In the context of the smartphone, generalized proletarianization manifests itself in two ways. Firstly, through the proletarianization of the consumer who unwittingly becomes a producer of data, thus being stripped of the economic value generated from their own activities. Secondly, it’s exhibited through the loss of the “knowledge of living” as users become reliant on their devices for information, communication, and even basic life tasks. The smartphone, then, embodies the mechanisms of control and exploitation that are emblematic of generalized proletarianization in the hyperindustrial age.

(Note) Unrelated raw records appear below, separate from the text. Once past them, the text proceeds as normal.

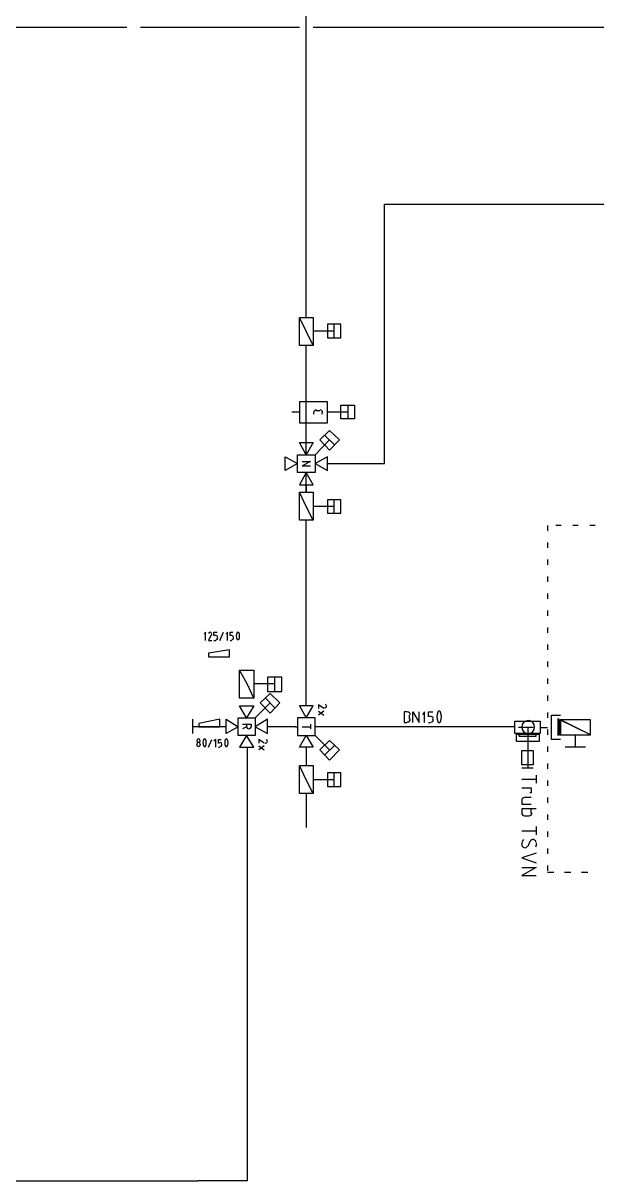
# Model space of a CAD drawing. Header units: millimetres. Extents: x 0 to 33.1, y 1.5 to 45.3.
# Drawn here: x 8.129 to 9.535, y 34.299 to 37.138 of the extents above; entities that cross this region are included whole.
import ezdxf

# ---------------------------------------------------------------- set-up
doc = ezdxf.new("R2010")
doc.units = ezdxf.units.MM
doc.header["$MEASUREMENT"] = 0
doc.layers.get('0').update_dxf_attribs({"linetype": 'CONTINUOUS'})

msp = doc.modelspace()

# ---------------------------------------------------------------- linework, layer by layer
at = {"color": 7, "linetype": 'Continuous'}
for p, q in [((8.82275, 36.4161), (8.82275, 41.5661)), ((9.01443, 36.0578), (9.01443, 36.6944)), ((9.01443, 36.6944), (10.2244, 36.6944)), ((8.82275, 36.1094), (8.82275, 36.3478)), ((8.82275, 36.0794), (8.82275, 36.1094)), ((8.87446, 36.0578), (8.97613, 36.0578)), ((8.87446, 36.0578), (8.97613, 36.0578)), ((8.96946, 36.0578), (9.01443, 36.0578)), ((8.82275, 35.9878), (8.82275, 36.0361)), ((8.82275, 36.0061), (8.82275, 35.9878)), ((8.82275, 35.4644), (8.82275, 35.9194)), ((8.62608, 35.4128), (8.54443, 35.4128)), ((8.79611, 35.4128), (8.72775, 35.4128)), ((8.95611, 35.4128), (8.84776, 35.4128)), ((9.33442, 35.4128), (8.95611, 35.4128)), ((8.67779, 35.3628), (8.67779, 34.2994)), ((8.82275, 35.3628), (8.82275, 35.3178)), ((8.82275, 35.2494), (8.82275, 35.1661)), ((7.26113, 34.2994), (8.55778, 34.2994)), ((8.67779, 34.2994), (8.55778, 34.2994))]:
    msp.add_line(p, q, dxfattribs=at)
at = {"color": 52, "linetype": 'Continuous'}
for p, q in [((8.01443, 37.1278), (8.38276, 37.1278)), ((8.41613, 37.1278), (8.8061, 37.1278)), ((8.83946, 37.1278), (10.2244, 37.1278))]:
    msp.add_line(p, q, dxfattribs=at)
at = {"color": 0, "linetype": 'Continuous'}
for p, q in [((8.82275, 36.3828), (8.8061, 36.4161)), ((8.8061, 36.3478), (8.8061, 36.4161)), ((8.8061, 36.4161), (8.83946, 36.4161)), ((8.83946, 36.4161), (8.83946, 36.3478)), ((8.90776, 36.3994), (8.87446, 36.3994)), ((8.87446, 36.3994), (8.87446, 36.3661)), ((8.89111, 36.3661), (8.89111, 36.3994)), ((8.90776, 36.3661), (8.90776, 36.3994)), ((8.83946, 36.3478), (8.82275, 36.3828)), ((8.89111, 36.3828), (8.83946, 36.3828)), ((8.87446, 36.3661), (8.90776, 36.3661)), ((8.83946, 36.3478), (8.8061, 36.3478)), ((8.8061, 36.2094), (8.8061, 36.1578)), ((8.87446, 36.2094), (8.8061, 36.2094)), ((8.82275, 36.1494), (8.82275, 36.2178)), ((8.87446, 36.1578), (8.87446, 36.2094)), ((8.90776, 36.1678), (8.90776, 36.2011)), ((8.90776, 36.2011), (8.94114, 36.2011)), ((8.92443, 36.2011), (8.92443, 36.1678)), ((8.94114, 36.2011), (8.94114, 36.1678)), ((8.8061, 36.1844), (8.78776, 36.1844)), ((8.8411, 36.1794), (8.8411, 36.1828)), ((8.84614, 36.1878), (8.85612, 36.1878)), ((8.86111, 36.1828), (8.86111, 36.1794)), ((8.92443, 36.1844), (8.87446, 36.1844)), ((8.94114, 36.1678), (8.90776, 36.1678)), ((8.8061, 36.1578), (8.87446, 36.1578)), ((8.87944, 36.1394), (8.85612, 36.1161)), ((8.90446, 36.1161), (8.87944, 36.1394)), ((8.82275, 36.0794), (8.8061, 36.1094)), ((8.8061, 36.1094), (8.83946, 36.1094)), ((8.83946, 36.1094), (8.82275, 36.0794)), ((8.87944, 36.1161), (8.84446, 36.0794)), ((8.85612, 36.1161), (8.87944, 36.0911)), ((8.89279, 36.1028), (8.86778, 36.1278)), ((8.87944, 36.0911), (8.90446, 36.1161)), ((8.80111, 36.0361), (8.80111, 36.0794)), ((8.80111, 36.0794), (8.84446, 36.0794)), ((8.84446, 36.0794), (8.84446, 36.0361)), ((8.77111, 36.0411), (8.77111, 36.0744)), ((8.77111, 36.0744), (8.80111, 36.0578)), ((8.80111, 36.0578), (8.77111, 36.0411)), ((8.81278, 36.0628), (8.83279, 36.0628)), ((8.83279, 36.0628), (8.81278, 36.0528)), ((8.81278, 36.0528), (8.83279, 36.0528)), ((8.87446, 36.0744), (8.84446, 36.0578)), ((8.84446, 36.0578), (8.87446, 36.0411)), ((8.87446, 36.0411), (8.87446, 36.0744)), ((8.84446, 36.0361), (8.80111, 36.0361)), ((8.82275, 36.0361), (8.8061, 36.0061)), ((8.83946, 36.0061), (8.82275, 36.0361)), ((8.8061, 36.0061), (8.83946, 36.0061)), ((8.82275, 35.9528), (8.8061, 35.9878)), ((8.8061, 35.9194), (8.8061, 35.9878)), ((8.8061, 35.9878), (8.83946, 35.9878)), ((8.83946, 35.9878), (8.83946, 35.9194)), ((8.90776, 35.9694), (8.87446, 35.9694)), ((8.87446, 35.9694), (8.87446, 35.9361)), ((8.89111, 35.9361), (8.89111, 35.9694)), ((8.90776, 35.9361), (8.90776, 35.9694)), ((8.83946, 35.9194), (8.82275, 35.9528)), ((8.89111, 35.9528), (8.83946, 35.9528)), ((8.87446, 35.9361), (8.90776, 35.9361)), ((8.83946, 35.9194), (8.8061, 35.9194)), ((8.57611, 35.6444), (8.57275, 35.6394)), ((8.57611, 35.6244), (8.57611, 35.6444)), ((8.58946, 35.6378), (8.58279, 35.6244)), ((8.58279, 35.6244), (8.5911, 35.6244)), ((8.59614, 35.6361), (8.59614, 35.6444)), ((8.59614, 35.6444), (8.60444, 35.6444)), ((8.60113, 35.6361), (8.59614, 35.6361)), ((8.59614, 35.6244), (8.60113, 35.6244)), ((8.60444, 35.6294), (8.60444, 35.6311)), ((8.61111, 35.6244), (8.61947, 35.6444)), ((8.62944, 35.6444), (8.62608, 35.6394)), ((8.62944, 35.6244), (8.62944, 35.6444)), ((8.63613, 35.6361), (8.63613, 35.6444)), ((8.63613, 35.6444), (8.64279, 35.6444)), ((8.63943, 35.6361), (8.63613, 35.6361)), ((8.63613, 35.6244), (8.63943, 35.6244)), ((8.64442, 35.6294), (8.64442, 35.6311)), ((8.63444, 35.6011), (8.58279, 35.5928)), ((8.63444, 35.5844), (8.63444, 35.6011)), ((8.58279, 35.5928), (8.58279, 35.5844)), ((8.58279, 35.5844), (8.63444, 35.5844)), ((8.67779, 35.5178), (8.65944, 35.5511)), ((8.65944, 35.4828), (8.65944, 35.5511)), ((8.65944, 35.5511), (8.69444, 35.5511)), ((8.69444, 35.5511), (8.69444, 35.4828)), ((8.69444, 35.4828), (8.67779, 35.5178)), ((8.7461, 35.5178), (8.69444, 35.5178)), ((8.76281, 35.5344), (8.72775, 35.5344)), ((8.72775, 35.5344), (8.72775, 35.4994)), ((8.7461, 35.4994), (8.7461, 35.5344)), ((8.76281, 35.4994), (8.76281, 35.5344)), ((8.69444, 35.4828), (8.65944, 35.4828)), ((8.73443, 35.4944), (8.70942, 35.4711)), ((8.7461, 35.4594), (8.72276, 35.4828)), ((8.72775, 35.4994), (8.76281, 35.4994)), ((8.75776, 35.4711), (8.73443, 35.4944)), ((8.67611, 35.4344), (8.65944, 35.4644)), ((8.65944, 35.4644), (8.69444, 35.4644)), ((8.69444, 35.4644), (8.67611, 35.4344)), ((8.73443, 35.4711), (8.69775, 35.4344)), ((8.70942, 35.4711), (8.73443, 35.4461)), ((8.73443, 35.4461), (8.75776, 35.4711)), ((8.83946, 35.4644), (8.8061, 35.4644)), ((8.8061, 35.4644), (8.82275, 35.4344)), ((8.82275, 35.4344), (8.83946, 35.4644)), ((8.8661, 35.4578), (8.85275, 35.4661)), ((8.85275, 35.4661), (8.85275, 35.4578)), ((8.54443, 35.3961), (8.54443, 35.4311)), ((8.61111, 35.4311), (8.55946, 35.4211)), ((8.61111, 35.4128), (8.61111, 35.4311)), ((8.62608, 35.3961), (8.62608, 35.4311)), ((8.62608, 35.4311), (8.65608, 35.4128)), ((8.65608, 35.3911), (8.65608, 35.4344)), ((8.65608, 35.4344), (8.69775, 35.4344)), ((8.69775, 35.4344), (8.69775, 35.3911)), ((8.72775, 35.4311), (8.69775, 35.4128)), ((8.72775, 35.3961), (8.72775, 35.4311)), ((8.80111, 35.4344), (8.80111, 35.3911)), ((8.84446, 35.4344), (8.80111, 35.4344)), ((8.84446, 35.3911), (8.84446, 35.4344)), ((8.85275, 35.4511), (8.8661, 35.4411)), ((8.8661, 35.4511), (8.85275, 35.4411)), ((9.06944, 35.4494), (9.06278, 35.4494)), ((9.06278, 35.4494), (9.06278, 35.4228)), ((9.07611, 35.4311), (9.07611, 35.4411)), ((9.08442, 35.4228), (9.08442, 35.4494)), ((9.08442, 35.4494), (9.09944, 35.4228)), ((9.09944, 35.4228), (9.09944, 35.4494)), ((9.11279, 35.4494), (9.10781, 35.4428)), ((9.11279, 35.4228), (9.11279, 35.4494)), ((9.12278, 35.4378), (9.12278, 35.4494)), ((9.12278, 35.4494), (9.13276, 35.4494)), ((9.12776, 35.4378), (9.12278, 35.4378)), ((9.13276, 35.4294), (9.13276, 35.4311)), ((9.33442, 35.3961), (9.33442, 35.4261)), ((9.33442, 35.4261), (9.39611, 35.4261)), ((9.39611, 35.4261), (9.39611, 35.3961)), ((8.55946, 35.4211), (8.55946, 35.4128)), ((8.55946, 35.4128), (8.61111, 35.4128)), ((8.65608, 35.4128), (8.62608, 35.3961)), ((8.66613, 35.4194), (8.68778, 35.4194)), ((8.67611, 35.4128), (8.66613, 35.4078)), ((8.67611, 35.4194), (8.67611, 35.4128)), ((8.68778, 35.4194), (8.68778, 35.4128)), ((8.69775, 35.4128), (8.72775, 35.3961)), ((8.79611, 35.4128), (8.80111, 35.4128)), ((8.81278, 35.4128), (8.83279, 35.4128)), ((8.83279, 35.4194), (8.83279, 35.4078)), ((8.84776, 35.4128), (8.84446, 35.4128)), ((9.06278, 35.4228), (9.06944, 35.4228)), ((9.12278, 35.4228), (9.12776, 35.4228)), ((9.39611, 35.3961), (9.33442, 35.3961)), ((9.3661, 35.4111), (9.3661, 35.3111)), ((9.39611, 35.4111), (9.41444, 35.4111)), ((9.39611, 35.4111), (9.41444, 35.4111)), ((9.39611, 35.4111), (9.41444, 35.4111)), ((9.39611, 35.4111), (9.41444, 35.4111)), ((9.39611, 35.4111), (9.41444, 35.4111)), ((8.55447, 35.3678), (8.55447, 35.3694)), ((8.56278, 35.3694), (8.56278, 35.3678)), ((8.58279, 35.3628), (8.5911, 35.3811)), ((8.60113, 35.3811), (8.59614, 35.3778)), ((8.60113, 35.3628), (8.60113, 35.3811)), ((8.60781, 35.3728), (8.60781, 35.3811)), ((8.60781, 35.3811), (8.61442, 35.3811)), ((8.61111, 35.3728), (8.60781, 35.3728)), ((8.6161, 35.3678), (8.6161, 35.3694)), ((8.69775, 35.3911), (8.65608, 35.3911)), ((8.67611, 35.3911), (8.65944, 35.3628)), ((8.69444, 35.3628), (8.67611, 35.3911)), ((8.71946, 35.3728), (8.70611, 35.3811)), ((8.70611, 35.3811), (8.70611, 35.3728)), ((8.80111, 35.3911), (8.84446, 35.3911)), ((8.8061, 35.3628), (8.82275, 35.3911)), ((8.82275, 35.3911), (8.83946, 35.3628)), ((8.87944, 35.3561), (8.84446, 35.3911)), ((8.85612, 35.3561), (8.87944, 35.3794)), ((8.89279, 35.3678), (8.86778, 35.3428)), ((8.87944, 35.3794), (8.90446, 35.3561)), ((9.33778, 35.3944), (9.33778, 35.3778)), ((9.33778, 35.3944), (9.39442, 35.3944)), ((9.33778, 35.3778), (9.3661, 35.3778)), ((9.34446, 35.3894), (9.34446, 35.3944)), ((9.34446, 35.3894), (9.3661, 35.3894)), ((9.3661, 35.3894), (9.38613, 35.3894)), ((9.3661, 35.3778), (9.39442, 35.3778)), ((9.38613, 35.3894), (9.38613, 35.3944)), ((9.39442, 35.3778), (9.39442, 35.3944)), ((8.60781, 35.3628), (8.61111, 35.3628)), ((8.65944, 35.3628), (8.69444, 35.3628)), ((8.70611, 35.3661), (8.71946, 35.3561)), ((8.71946, 35.3661), (8.70611, 35.3561)), ((8.83946, 35.3628), (8.8061, 35.3628)), ((8.87944, 35.3311), (8.85612, 35.3561)), ((8.90446, 35.3561), (8.87944, 35.3311)), ((9.35113, 35.3194), (9.35113, 35.3544)), ((9.35113, 35.3544), (9.37944, 35.3544)), ((9.37944, 35.3544), (9.37944, 35.3194)), ((8.82275, 35.2828), (8.8061, 35.3178)), ((8.8061, 35.2494), (8.8061, 35.3178)), ((8.8061, 35.3178), (8.83946, 35.3178)), ((8.83946, 35.3178), (8.83946, 35.2494)), ((9.37944, 35.3194), (9.35113, 35.3194)), ((9.37944, 35.3111), (9.35113, 35.3111)), ((8.83946, 35.2494), (8.82275, 35.2828)), ((8.89111, 35.2828), (8.83946, 35.2828)), ((8.90776, 35.2994), (8.87446, 35.2994)), ((8.87446, 35.2994), (8.87446, 35.2661)), ((8.89111, 35.2661), (8.89111, 35.2994)), ((8.90776, 35.2661), (8.90776, 35.2994)), ((9.35113, 35.2844), (9.38613, 35.2844)), ((9.35113, 35.2844), (9.38613, 35.2844)), ((9.38613, 35.2944), (9.38613, 35.2744)), ((9.38613, 35.2944), (9.38613, 35.2744)), ((8.87446, 35.2661), (8.90776, 35.2661)), ((9.35113, 35.2628), (9.37446, 35.2628)), ((9.35113, 35.2628), (9.37446, 35.2628)), ((9.37446, 35.2628), (9.37446, 35.2511)), ((9.37446, 35.2628), (9.37446, 35.2511)), ((8.83946, 35.2494), (8.8061, 35.2494)), ((9.35113, 35.2311), (9.35113, 35.2228)), ((9.35113, 35.2311), (9.35113, 35.2228)), ((9.37446, 35.2394), (9.35781, 35.2394)), ((9.37446, 35.2394), (9.35781, 35.2394)), ((9.37446, 35.2511), (9.3711, 35.2511)), ((9.37446, 35.2511), (9.3711, 35.2511)), ((9.35113, 35.2228), (9.37446, 35.2228)), ((9.35113, 35.2228), (9.37446, 35.2228)), ((9.38613, 35.2111), (9.35113, 35.2111)), ((9.35113, 35.2111), (9.35113, 35.2011)), ((9.38613, 35.2111), (9.35113, 35.2111)), ((9.35113, 35.2111), (9.35113, 35.2011)), ((9.37446, 35.2011), (9.37446, 35.2111)), ((9.37446, 35.2011), (9.37446, 35.2111)), ((9.35781, 35.1944), (9.36778, 35.1944)), ((9.35781, 35.1944), (9.36778, 35.1944)), ((9.38613, 35.1678), (9.38613, 35.1478)), ((9.38613, 35.1678), (9.38613, 35.1478)), ((9.35113, 35.1578), (9.38613, 35.1578)), ((9.35113, 35.1578), (9.38613, 35.1578)), ((9.3711, 35.1311), (9.3661, 35.1194)), ((9.3711, 35.1311), (9.3661, 35.1194)), ((9.38613, 35.1028), (9.35113, 35.0911)), ((9.38613, 35.1028), (9.35113, 35.0911)), ((9.35113, 35.0911), (9.38613, 35.0794)), ((9.35113, 35.0911), (9.38613, 35.0794)), ((9.35113, 35.0678), (9.38613, 35.0678)), ((9.38613, 35.0678), (9.35113, 35.0478)), ((9.35113, 35.0678), (9.38613, 35.0678)), ((9.38613, 35.0678), (9.35113, 35.0478)), ((9.35113, 35.0478), (9.38613, 35.0478)), ((9.35113, 35.0478), (9.38613, 35.0478))]:
    msp.add_line(p, q, dxfattribs=at)
at = {"color": 140, "linetype": 'Continuous'}
for p, q in [((9.41444, 35.9061), (9.41444, 35.8928)), ((9.44775, 35.9061), (9.43446, 35.9061)), ((9.48942, 35.9061), (9.47613, 35.9061)), ((9.53108, 35.9061), (9.51779, 35.9061)), ((9.41444, 35.8644), (9.41444, 35.8511)), ((9.41444, 35.8228), (9.41444, 35.8094)), ((9.41444, 35.7811), (9.41444, 35.7678)), ((9.41444, 35.7394), (9.41444, 35.7261)), ((9.41444, 35.6978), (9.41444, 35.6844)), ((9.41444, 35.6561), (9.41444, 35.6428)), ((9.41444, 35.6144), (9.41444, 35.6011)), ((9.41444, 35.5728), (9.41444, 35.5594)), ((9.41444, 35.5311), (9.41444, 35.5178)), ((9.41444, 35.4894), (9.41444, 35.4761)), ((9.41444, 35.4478), (9.41444, 35.4344)), ((9.42443, 35.3811), (9.42443, 35.4411)), ((9.42443, 35.4411), (9.44612, 35.4411)), ((9.42443, 35.3811), (9.42443, 35.4411)), ((9.42443, 35.4411), (9.44612, 35.4411)), ((9.42443, 35.3811), (9.42443, 35.4411)), ((9.42443, 35.4411), (9.44612, 35.4411)), ((9.42443, 35.3811), (9.42443, 35.4411)), ((9.42443, 35.4411), (9.44612, 35.4411)), ((9.42443, 35.3811), (9.42443, 35.4411)), ((9.42443, 35.4411), (9.44612, 35.4411)), ((9.43946, 35.4328), (9.43946, 35.3911)), ((9.43946, 35.4328), (9.43946, 35.3911)), ((9.43946, 35.4328), (9.43946, 35.3911)), ((9.44114, 35.4328), (9.44114, 35.3911)), ((9.44114, 35.4328), (9.44114, 35.3911)), ((9.51942, 35.4294), (9.44444, 35.4294)), ((9.44444, 35.4294), (9.44444, 35.3928)), ((9.51942, 35.3928), (9.44444, 35.4294)), ((9.51942, 35.4294), (9.44612, 35.4294)), ((9.44612, 35.4294), (9.44612, 35.3928)), ((9.51942, 35.3928), (9.44612, 35.4294)), ((9.51942, 35.3928), (9.51942, 35.4294)), ((9.51942, 35.3928), (9.51942, 35.4294)), ((9.41444, 35.4061), (9.41444, 35.3928)), ((9.44612, 35.3811), (9.42443, 35.3811)), ((9.44612, 35.3811), (9.42443, 35.3811)), ((9.44612, 35.3811), (9.42443, 35.3811)), ((9.44612, 35.3811), (9.42443, 35.3811)), ((9.44612, 35.3811), (9.42443, 35.3811)), ((9.44444, 35.3928), (9.51942, 35.3928)), ((9.44612, 35.3928), (9.51942, 35.3928)), ((9.48281, 35.3628), (9.48281, 35.3928)), ((9.48281, 35.3628), (9.48281, 35.3928)), ((9.41444, 35.3644), (9.41444, 35.3511)), ((9.50612, 35.3628), (9.45779, 35.3628)), ((9.50776, 35.3628), (9.45779, 35.3628)), ((9.50612, 35.3628), (9.48281, 35.3628)), ((9.50776, 35.3628), (9.48281, 35.3628)), ((9.41444, 35.3228), (9.41444, 35.3094)), ((9.41444, 35.2811), (9.41444, 35.2678)), ((9.41444, 35.2394), (9.41444, 35.2261)), ((9.41444, 35.1978), (9.41444, 35.1844)), ((9.41444, 35.1561), (9.41444, 35.1428)), ((9.41444, 35.1144), (9.41444, 35.1011)), ((9.41444, 35.0728), (9.41444, 35.0594)), ((9.41444, 35.0561), (9.42947, 35.0561)), ((9.45611, 35.0561), (9.47114, 35.0561)), ((9.49778, 35.0561), (9.51281, 35.0561))]:
    msp.add_line(p, q, dxfattribs=at)
at = {"color": 142, "linetype": 'Continuous'}
msp.add_line((9.37944, 35.4111), (9.34278, 35.4111), dxfattribs=at)
at = {"color": 0, "linetype": 'Continuous'}
for points in [[(8.84694, 36.1894), (8.84369, 36.1894), (8.8411, 36.1868), (8.8411, 36.1836)], [(8.86279, 36.1836), (8.86279, 36.1868), (8.86019, 36.1894), (8.85693, 36.1894)], [(8.58697, 35.6444), (8.58513, 35.6444), (8.58344, 35.6432), (8.58296, 35.6414)], [(8.5906, 35.6424), (8.58985, 35.6436), (8.58843, 35.6444), (8.58692, 35.6444)], [(8.5905, 35.6381), (8.59131, 35.6394), (8.59131, 35.641), (8.5906, 35.6424)], [(8.60612, 35.6319), (8.60612, 35.6342), (8.60422, 35.6361), (8.60194, 35.6361)], [(8.60194, 35.6261), (8.60422, 35.6261), (8.60612, 35.6279), (8.60612, 35.6303)], [(8.64442, 35.6319), (8.64442, 35.6342), (8.64258, 35.6361), (8.64031, 35.6361)], [(8.64031, 35.6261), (8.64258, 35.6261), (8.64442, 35.6279), (8.64442, 35.6303)], [(8.65321, 35.6436), (8.65039, 35.6383), (8.65039, 35.6322), (8.65321, 35.6269)], [(8.65528, 35.6444), (8.65446, 35.6444), (8.65375, 35.644), (8.65326, 35.6435)], [(8.65326, 35.6271), (8.65375, 35.6265), (8.65446, 35.6261), (8.65528, 35.6261)], [(8.65728, 35.6435), (8.65679, 35.644), (8.65608, 35.6444), (8.65528, 35.6444)], [(8.65528, 35.6261), (8.65608, 35.6261), (8.65679, 35.6265), (8.65728, 35.6271)], [(8.65733, 35.6269), (8.66015, 35.6322), (8.66015, 35.6383), (8.65733, 35.6436)], [(8.86643, 35.4601), (8.86768, 35.4593), (8.86931, 35.4593), (8.87067, 35.46)], [(8.87278, 35.4636), (8.87278, 35.4654), (8.87153, 35.4671), (8.86974, 35.4676)], [(8.87067, 35.46), (8.87196, 35.4607), (8.87278, 35.4621), (8.87278, 35.4636)], [(9.07781, 35.4419), (9.07781, 35.4461), (9.07443, 35.4494), (9.07026, 35.4494)], [(9.07026, 35.4244), (9.07443, 35.4244), (9.07781, 35.4278), (9.07781, 35.4319)], [(9.13444, 35.4319), (9.13444, 35.4351), (9.13183, 35.4378), (9.12864, 35.4378)], [(9.12864, 35.4244), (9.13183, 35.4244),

The process of generalized proletarianization ultimately results in the erasure of what Stiegler calls individuation—the unique development of the self, which is achieved through a dynamic interaction with technical objects. In a world overrun by smartphones, our capacity for individuation is at risk. Our memories are not just stored, but also shaped by the algorithms that dictate what we see and when we see it. As a result, our basic sense of self, traditionally crafted through personal memories and experiences, is now externally influenced.

If, as Stiegler asserts, “man is nothing other than technical life,” then in the age of the smartphone, our technical life is increasingly characterized by exploitation. This redefines the user-device relationship, marking it not as a benign interaction between man and machine, but as a fraught encounter embedded within larger systems of control and surveillance.

The modern smartphone functions as more than just a tool—it shapes us as much as we shape it, a pharmakon that balances each of us upon the edge between liberation and enslavement. It beckons us with the allure of knowledge and connection, even as it ensnares us in systems of hyperindustrial exploitation and control. It mediates our relationship with the world and with each other, rending from us data for later production and consumption. And it betrays this to us within its form, crafted to consume-to-produce, to empty us.